Task item: Where the data below shows a picture, leave that picture out and copy the rest exactly.

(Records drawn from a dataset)

-.-.-

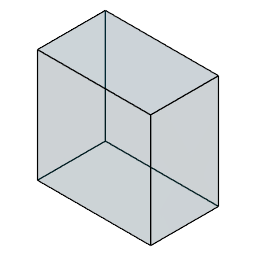
Cristal 6mm (Autodesk Fusion 360 design; units mm, degrees)
part number: 2025-12-28-18-55-12-011
Autodesk Fusion 360 part; units mm, degrees
sketch "Boceto1" plane through (0, 0, 0) normal (1, 0, 0) x (0, 1, 0)
  line L0 (0, 0) -> (6, 0)
  line L1 (6, 0) -> (6, 10)
  line L2 (6, 10) -> (0, 10)
  line L3 (0, 10) -> (0, 0)
  dimension "d2" = 10
  dimension "d3" = 6
  constraint horizontal L0
  constraint vertical L1
  constraint horizontal L2
  constraint vertical L3
  constraint coincident L0.start L3.end
  measures "d2" distance of L0.start L2.end
  measures "d3" distance of L0.start L0.end
extrude "Extruir1" add sketch "Boceto1" along normal blind 10
equation "L = 10 mm"
equation "d2 = L"
equation "d4 = L"
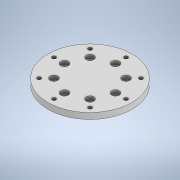
# Autodesk Inventor part: Adapter_bearing_link
Saved by Autodesk Inventor 2021 (Build 250183000, 183)
## iProperties
Created: 2020-05-19
Part Number: Adapter_bearing_link
Material: Generic
Document SubType Name: Modeling
Designer: Motius
Density: 1 g/cm^3
Appearance: Default
Author: Motius
Autodesk Inventor part; units mm, degrees
ref_plane "XZ Plane" through (0, 0, 0) normal (0, 1, 0) x (-1, 0, 0)
ref_plane "XY Plane" through (0, 0, 0) normal (0, 0, 1) x (1, 0, 0)
sketch "Sketch1" plane through (0, 0, 0) normal (0, 0, 1) x (1, 0, 0)
  line L0 (0, 5.9) -> (0, -17.9) construction
  line L1 (-7, 0) -> (42, 0) construction
  line L2 (0, -14.5) -> (0, 2.5)
  line L3 (0, -14.5) -> (6, -14.5)
  line L4 (6, -14.5) -> (6, -3.5)
  line L5 (7, -2.5) -> (35, -2.5)
  line L6 (35, -2.5) -> (35, 2.5)
  line L7 (35, 2.5) -> (0, 2.5)
  arc A0 (7, -2.5) -> (6, -3.5) centre (7, -3.5) ccw
  point P0 (0, 0)
  point P1 (6, -2.5)
  dimension "d0" = 6
  dimension "d2" = 5
  dimension "d3" = 12
  dimension "d4" = 1
  dimension "d12" = 35
  constraints: 12 end point, 4 perpendicular, 3 point on line, 2 point on circle, 2 tangent, 1 centre point, 1 vertical, 1 other
  measures "d0" distance of L2.start L3.end
  measures "d2" distance of L5.end L6.end
  measures "d3" distance between parallel lines of L5 L3
  measures "d4" radius of A0
  measures "d12" distance between parallel lines of L6 L0
revolve "Revolution1" add sketch "Sketch1" angle 360 about axis through (0, 0, 0) along (0, -1, 0)
sketch "Sketch2" plane through (0, 2.5, 0) normal (0, -1, 0) x (1, 0, 0)
  circle A0 centre (0, 0) radius 35 construction
  circle A1 centre (0, 0) radius 7 construction
  circle A2 centre (0, 0) radius 6 construction
  line L0 (-49, 0) -> (49, 0) construction
  line L1 (0, 49) -> (0, -49) construction
  circle A3 centre (0, 0) radius 6 construction
  circle A4 centre (0, 0) radius 21.25 construction
  circle A5 centre (0, 0) radius 30 construction
  point P0 (0, 30)
  point P1 (0, 21.25)
  point P2 (-21.2132, 21.2132)
  point P3 (-15.026, 15.026)
  point P4 (-30, 0)
  point P5 (-21.25, 0)
  point P6 (-21.2132, -21.2132)
  point P7 (-15.026, -15.026)
  point P8 (0, -30)
  point P9 (0, -21.25)
  point P10 (21.2132, -21.2132)
  point P11 (15.026, -15.026)
  point P12 (30, 0)
  point P13 (21.25, 0)
  point P14 (21.2132, 21.2132)
  point P15 (15.026, 15.026)
  dimension "d6" = 42.5
  dimension "d7" = 60
  dimension "d10" = 360
  constraints: 2 coincident, 2 point on line, 2 vertical alignment, 21 other
hole "Hole1" at (-15.026, 2.5, 15.026) at (0, 2.5, 21.25) at (15.026, 2.5, 15.026) at (21.25, 2.5, 0) at (15.026, 2.5, -15.026) at (0, 2.5, -21.25) at (-15.026, 2.5, -15.026) at (-21.25, 2.5, 0) direction (0, -1, 0) diameter 3.4 end through all counterbore diameter 6.5 counterbore depth 3 clearance for "Socket Head Cap Screw" size "M3" standard "Ansi Metric M Profile"
hole "Hole2" at (0, 2.5, 30) at (-21.2132, 2.5, 21.2132) at (-30, 2.5, 0) at (-21.2132, 2.5, -21.2132) at (0, 2.5, -30) at (21.2132, 2.5, -21.2132) at (30, 2.5, 0) at (21.2132, 2.5, 21.2132) direction (0, -1, 0) diameter 3.242 end through all thread size "M4x0.7" class "6H" standard "ANSI Metric M Profile"
ref_plane "Work Plane1" through (-6, -9, 0) normal (1, 0, 0) x (0, 1, 0)
sketch "Sketch3" plane through (-6, -9, 0) normal (1, 0, 0) x (0, 1, 0)
  line L0 (-8.9, 0) -> (14.9, 0) construction
  line L1 (-2.5, -2) -> (2.5, -2)
  line L2 (2.5, 2) -> (-2.5, 2)
  arc A0 (-2.5, 2) -> (-2.5, -2) centre (-2.5, 0) ccw
  arc A1 (2.5, -2) -> (2.5, 2) centre (2.5, 0) ccw
  line L3 (5.5, 6) -> (5.5, -6) construction
  line L4 (-5.5, 6) -> (-5.5, -6) construction
  line L5 (5.5, 6) -> (-5.5, 6) construction
  line L6 (0, 6) -> (0, -7.95) construction
  point P0 (9, 0)
  dimension "d27" = 4
  dimension "d29" = 5
  constraints: 6 end point, 4 point on circle, 4 tangent, 2 centre point, 1 horizontal, 1 midpoint, 1 parallel, 1 symmetric about line, 1 vertical, 1 other
  measures "d27" distance between parallel lines of L2 L1
  measures "d29" distance of A1.centre A0.centre
extrude "Extrusion1" cut sketch "Sketch3" along normal blind 2
chamfer "Chamfer1" distance 0.5 angle 45 1 edges at (-6, -14.5, 0)
body "Solid1"

-.-.-

Reply to the exercise:
Cristal 6mm (Autodesk Fusion 360 design; units mm, degrees)
part number: 2025-12-28-18-55-12-011
Autodesk Fusion 360 part; units mm, degrees
sketch "Boceto1" plane through (0, 0, 0) normal (1, 0, 0) x (0, 1, 0)
  line L0 (0, 0) -> (6, 0)
  line L1 (6, 0) -> (6, 10)
  line L2 (6, 10) -> (0, 10)
  line L3 (0, 10) -> (0, 0)
  dimension "d2" = 10
  dimension "d3" = 6
  constraint horizontal L0
  constraint vertical L1
  constraint horizontal L2
  constraint vertical L3
  constraint coincident L0.start L3.end
  measures "d2" distance of L0.start L2.end
  measures "d3" distance of L0.start L0.end
extrude "Extruir1" add sketch "Boceto1" along normal blind 10
equation "L = 10 mm"
equation "d2 = L"
equation "d4 = L"
# Autodesk Inventor part: Adapter_bearing_link
Saved by Autodesk Inventor 2021 (Build 250183000, 183)
## iProperties
Created: 2020-05-19
Part Number: Adapter_bearing_link
Material: Generic
Document SubType Name: Modeling
Designer: Motius
Density: 1 g/cm^3
Appearance: Default
Author: Motius
Autodesk Inventor part; units mm, degrees
ref_plane "XZ Plane" through (0, 0, 0) normal (0, 1, 0) x (-1, 0, 0)
ref_plane "XY Plane" through (0, 0, 0) normal (0, 0, 1) x (1, 0, 0)
sketch "Sketch1" plane through (0, 0, 0) normal (0, 0, 1) x (1, 0, 0)
  line L0 (0, 5.9) -> (0, -17.9) construction
  line L1 (-7, 0) -> (42, 0) construction
  line L2 (0, -14.5) -> (0, 2.5)
  line L3 (0, -14.5) -> (6, -14.5)
  line L4 (6, -14.5) -> (6, -3.5)
  line L5 (7, -2.5) -> (35, -2.5)
  line L6 (35, -2.5) -> (35, 2.5)
  line L7 (35, 2.5) -> (0, 2.5)
  arc A0 (7, -2.5) -> (6, -3.5) centre (7, -3.5) ccw
  point P0 (0, 0)
  point P1 (6, -2.5)
  dimension "d0" = 6
  dimension "d2" = 5
  dimension "d3" = 12
  dimension "d4" = 1
  dimension "d12" = 35
  constraints: 12 end point, 4 perpendicular, 3 point on line, 2 point on circle, 2 tangent, 1 centre point, 1 vertical, 1 other
  measures "d0" distance of L2.start L3.end
  measures "d2" distance of L5.end L6.end
  measures "d3" distance between parallel lines of L5 L3
  measures "d4" radius of A0
  measures "d12" distance between parallel lines of L6 L0
revolve "Revolution1" add sketch "Sketch1" angle 360 about axis through (0, 0, 0) along (0, -1, 0)
sketch "Sketch2" plane through (0, 2.5, 0) normal (0, -1, 0) x (1, 0, 0)
  circle A0 centre (0, 0) radius 35 construction
  circle A1 centre (0, 0) radius 7 construction
  circle A2 centre (0, 0) radius 6 construction
  line L0 (-49, 0) -> (49, 0) construction
  line L1 (0, 49) -> (0, -49) construction
  circle A3 centre (0, 0) radius 6 construction
  circle A4 centre (0, 0) radius 21.25 construction
  circle A5 centre (0, 0) radius 30 construction
  point P0 (0, 30)
  point P1 (0, 21.25)
  point P2 (-21.2132, 21.2132)
  point P3 (-15.026, 15.026)
  point P4 (-30, 0)
  point P5 (-21.25, 0)
  point P6 (-21.2132, -21.2132)
  point P7 (-15.026, -15.026)
  point P8 (0, -30)
  point P9 (0, -21.25)
  point P10 (21.2132, -21.2132)
  point P11 (15.026, -15.026)
  point P12 (30, 0)
  point P13 (21.25, 0)
  point P14 (21.2132, 21.2132)
  point P15 (15.026, 15.026)
  dimension "d6" = 42.5
  dimension "d7" = 60
  dimension "d10" = 360
  constraints: 2 coincident, 2 point on line, 2 vertical alignment, 21 other
hole "Hole1" at (-15.026, 2.5, 15.026) at (0, 2.5, 21.25) at (15.026, 2.5, 15.026) at (21.25, 2.5, 0) at (15.026, 2.5, -15.026) at (0, 2.5, -21.25) at (-15.026, 2.5, -15.026) at (-21.25, 2.5, 0) direction (0, -1, 0) diameter 3.4 end through all counterbore diameter 6.5 counterbore depth 3 clearance for "Socket Head Cap Screw" size "M3" standard "Ansi Metric M Profile"
hole "Hole2" at (0, 2.5, 30) at (-21.2132, 2.5, 21.2132) at (-30, 2.5, 0) at (-21.2132, 2.5, -21.2132) at (0, 2.5, -30) at (21.2132, 2.5, -21.2132) at (30, 2.5, 0) at (21.2132, 2.5, 21.2132) direction (0, -1, 0) diameter 3.242 end through all thread size "M4x0.7" class "6H" standard "ANSI Metric M Profile"
ref_plane "Work Plane1" through (-6, -9, 0) normal (1, 0, 0) x (0, 1, 0)
sketch "Sketch3" plane through (-6, -9, 0) normal (1, 0, 0) x (0, 1, 0)
  line L0 (-8.9, 0) -> (14.9, 0) construction
  line L1 (-2.5, -2) -> (2.5, -2)
  line L2 (2.5, 2) -> (-2.5, 2)
  arc A0 (-2.5, 2) -> (-2.5, -2) centre (-2.5, 0) ccw
  arc A1 (2.5, -2) -> (2.5, 2) centre (2.5, 0) ccw
  line L3 (5.5, 6) -> (5.5, -6) construction
  line L4 (-5.5, 6) -> (-5.5, -6) construction
  line L5 (5.5, 6) -> (-5.5, 6) construction
  line L6 (0, 6) -> (0, -7.95) construction
  point P0 (9, 0)
  dimension "d27" = 4
  dimension "d29" = 5
  constraints: 6 end point, 4 point on circle, 4 tangent, 2 centre point, 1 horizontal, 1 midpoint, 1 parallel, 1 symmetric about line, 1 vertical, 1 other
  measures "d27" distance between parallel lines of L2 L1
  measures "d29" distance of A1.centre A0.centre
extrude "Extrusion1" cut sketch "Sketch3" along normal blind 2
chamfer "Chamfer1" distance 0.5 angle 45 1 edges at (-6, -14.5, 0)
body "Solid1"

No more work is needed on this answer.